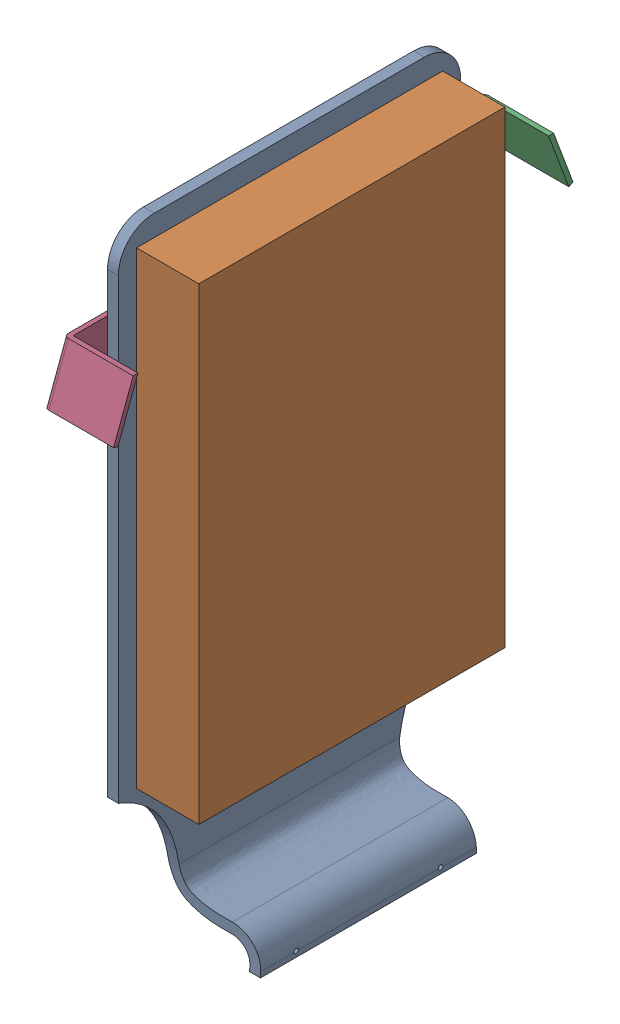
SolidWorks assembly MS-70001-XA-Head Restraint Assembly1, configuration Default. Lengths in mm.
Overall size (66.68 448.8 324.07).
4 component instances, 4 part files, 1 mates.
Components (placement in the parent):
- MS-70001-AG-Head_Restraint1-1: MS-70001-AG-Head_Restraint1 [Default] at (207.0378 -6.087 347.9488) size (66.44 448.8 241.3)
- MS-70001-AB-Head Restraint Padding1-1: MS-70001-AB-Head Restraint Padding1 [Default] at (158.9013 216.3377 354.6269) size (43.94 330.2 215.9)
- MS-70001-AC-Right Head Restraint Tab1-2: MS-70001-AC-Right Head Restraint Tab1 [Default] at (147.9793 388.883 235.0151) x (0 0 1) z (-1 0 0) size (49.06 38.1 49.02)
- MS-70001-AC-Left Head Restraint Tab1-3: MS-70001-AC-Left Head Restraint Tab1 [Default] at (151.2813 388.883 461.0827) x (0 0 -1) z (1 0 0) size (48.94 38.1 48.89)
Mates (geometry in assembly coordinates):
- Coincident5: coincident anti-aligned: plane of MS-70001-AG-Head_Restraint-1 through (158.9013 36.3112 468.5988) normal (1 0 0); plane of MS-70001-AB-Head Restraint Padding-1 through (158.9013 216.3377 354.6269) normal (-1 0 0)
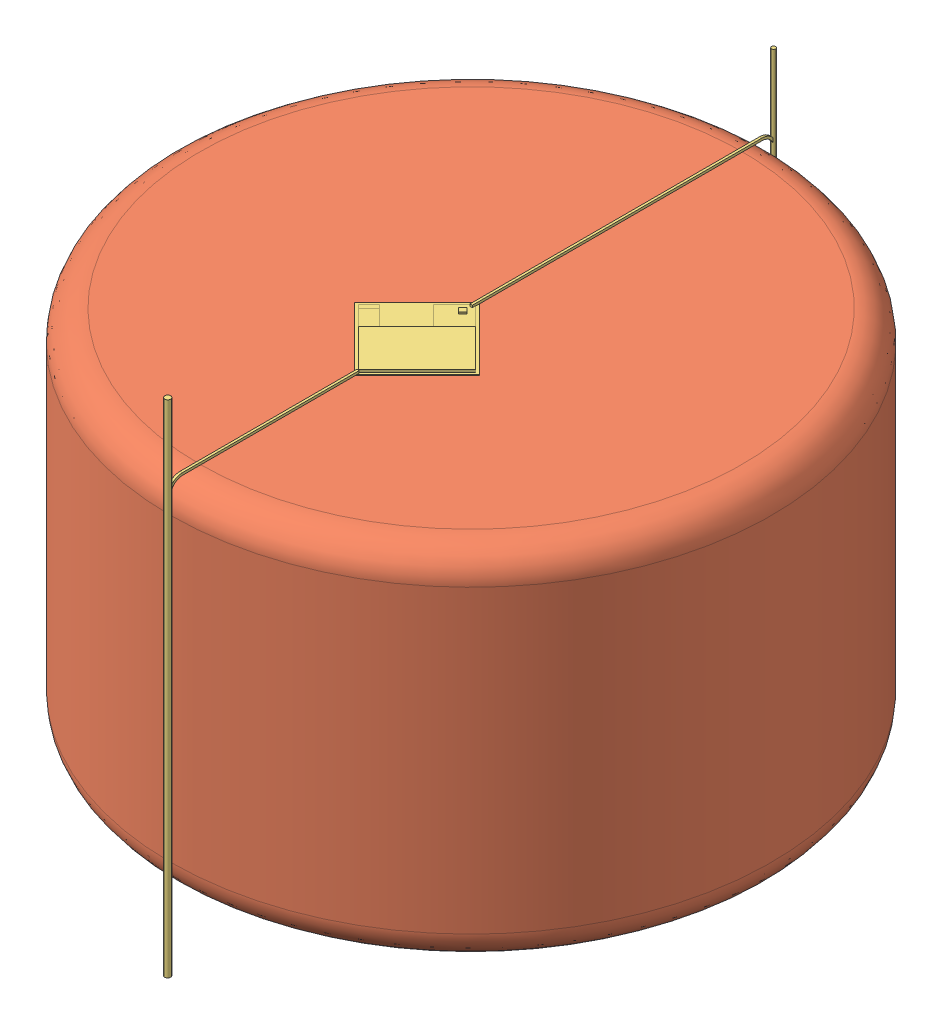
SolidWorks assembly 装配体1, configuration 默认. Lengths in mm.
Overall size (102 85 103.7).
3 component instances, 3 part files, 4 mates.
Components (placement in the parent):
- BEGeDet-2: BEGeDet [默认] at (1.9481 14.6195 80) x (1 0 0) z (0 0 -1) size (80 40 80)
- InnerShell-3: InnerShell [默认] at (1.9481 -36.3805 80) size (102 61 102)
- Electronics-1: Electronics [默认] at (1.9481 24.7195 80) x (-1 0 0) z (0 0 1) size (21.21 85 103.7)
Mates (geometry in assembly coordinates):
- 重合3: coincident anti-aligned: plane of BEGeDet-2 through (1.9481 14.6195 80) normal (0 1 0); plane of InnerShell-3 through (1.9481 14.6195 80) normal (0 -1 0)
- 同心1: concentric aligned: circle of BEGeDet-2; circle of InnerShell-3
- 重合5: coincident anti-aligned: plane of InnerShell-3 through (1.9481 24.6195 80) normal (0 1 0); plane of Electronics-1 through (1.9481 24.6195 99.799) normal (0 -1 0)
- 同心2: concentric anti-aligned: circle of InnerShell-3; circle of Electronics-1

## What you will do
From the first line to the last, output the data exactly, without the pictures.

## Task answer
SolidWorks assembly MS-70001-XA-Head Restraint Assembly1, configuration Default. Lengths in mm.
Overall size (66.68 448.8 324.07).
4 component instances, 4 part files, 1 mates.
Components (placement in the parent):
- MS-70001-AG-Head_Restraint1-1: MS-70001-AG-Head_Restraint1 [Default] at (207.0378 -6.087 347.9488) size (66.44 448.8 241.3)
- MS-70001-AB-Head Restraint Padding1-1: MS-70001-AB-Head Restraint Padding1 [Default] at (158.9013 216.3377 354.6269) size (43.94 330.2 215.9)
- MS-70001-AC-Right Head Restraint Tab1-2: MS-70001-AC-Right Head Restraint Tab1 [Default] at (147.9793 388.883 235.0151) x (0 0 1) z (-1 0 0) size (49.06 38.1 49.02)
- MS-70001-AC-Left Head Restraint Tab1-3: MS-70001-AC-Left Head Restraint Tab1 [Default] at (151.2813 388.883 461.0827) x (0 0 -1) z (1 0 0) size (48.94 38.1 48.89)
Mates (geometry in assembly coordinates):
- Coincident5: coincident anti-aligned: plane of MS-70001-AG-Head_Restraint-1 through (158.9013 36.3112 468.5988) normal (1 0 0); plane of MS-70001-AB-Head Restraint Padding-1 through (158.9013 216.3377 354.6269) normal (-1 0 0)
SolidWorks assembly 装配体1, configuration 默认. Lengths in mm.
Overall size (102 85 103.7).
3 component instances, 3 part files, 4 mates.
Components (placement in the parent):
- BEGeDet-2: BEGeDet [默认] at (1.9481 14.6195 80) x (1 0 0) z (0 0 -1) size (80 40 80)
- InnerShell-3: InnerShell [默认] at (1.9481 -36.3805 80) size (102 61 102)
- Electronics-1: Electronics [默认] at (1.9481 24.7195 80) x (-1 0 0) z (0 0 1) size (21.21 85 103.7)
Mates (geometry in assembly coordinates):
- 重合3: coincident anti-aligned: plane of BEGeDet-2 through (1.9481 14.6195 80) normal (0 1 0); plane of InnerShell-3 through (1.9481 14.6195 80) normal (0 -1 0)
- 同心1: concentric aligned: circle of BEGeDet-2; circle of InnerShell-3
- 重合5: coincident anti-aligned: plane of InnerShell-3 through (1.9481 24.6195 80) normal (0 1 0); plane of Electronics-1 through (1.9481 24.6195 99.799) normal (0 -1 0)
- 同心2: concentric anti-aligned: circle of InnerShell-3; circle of Electronics-1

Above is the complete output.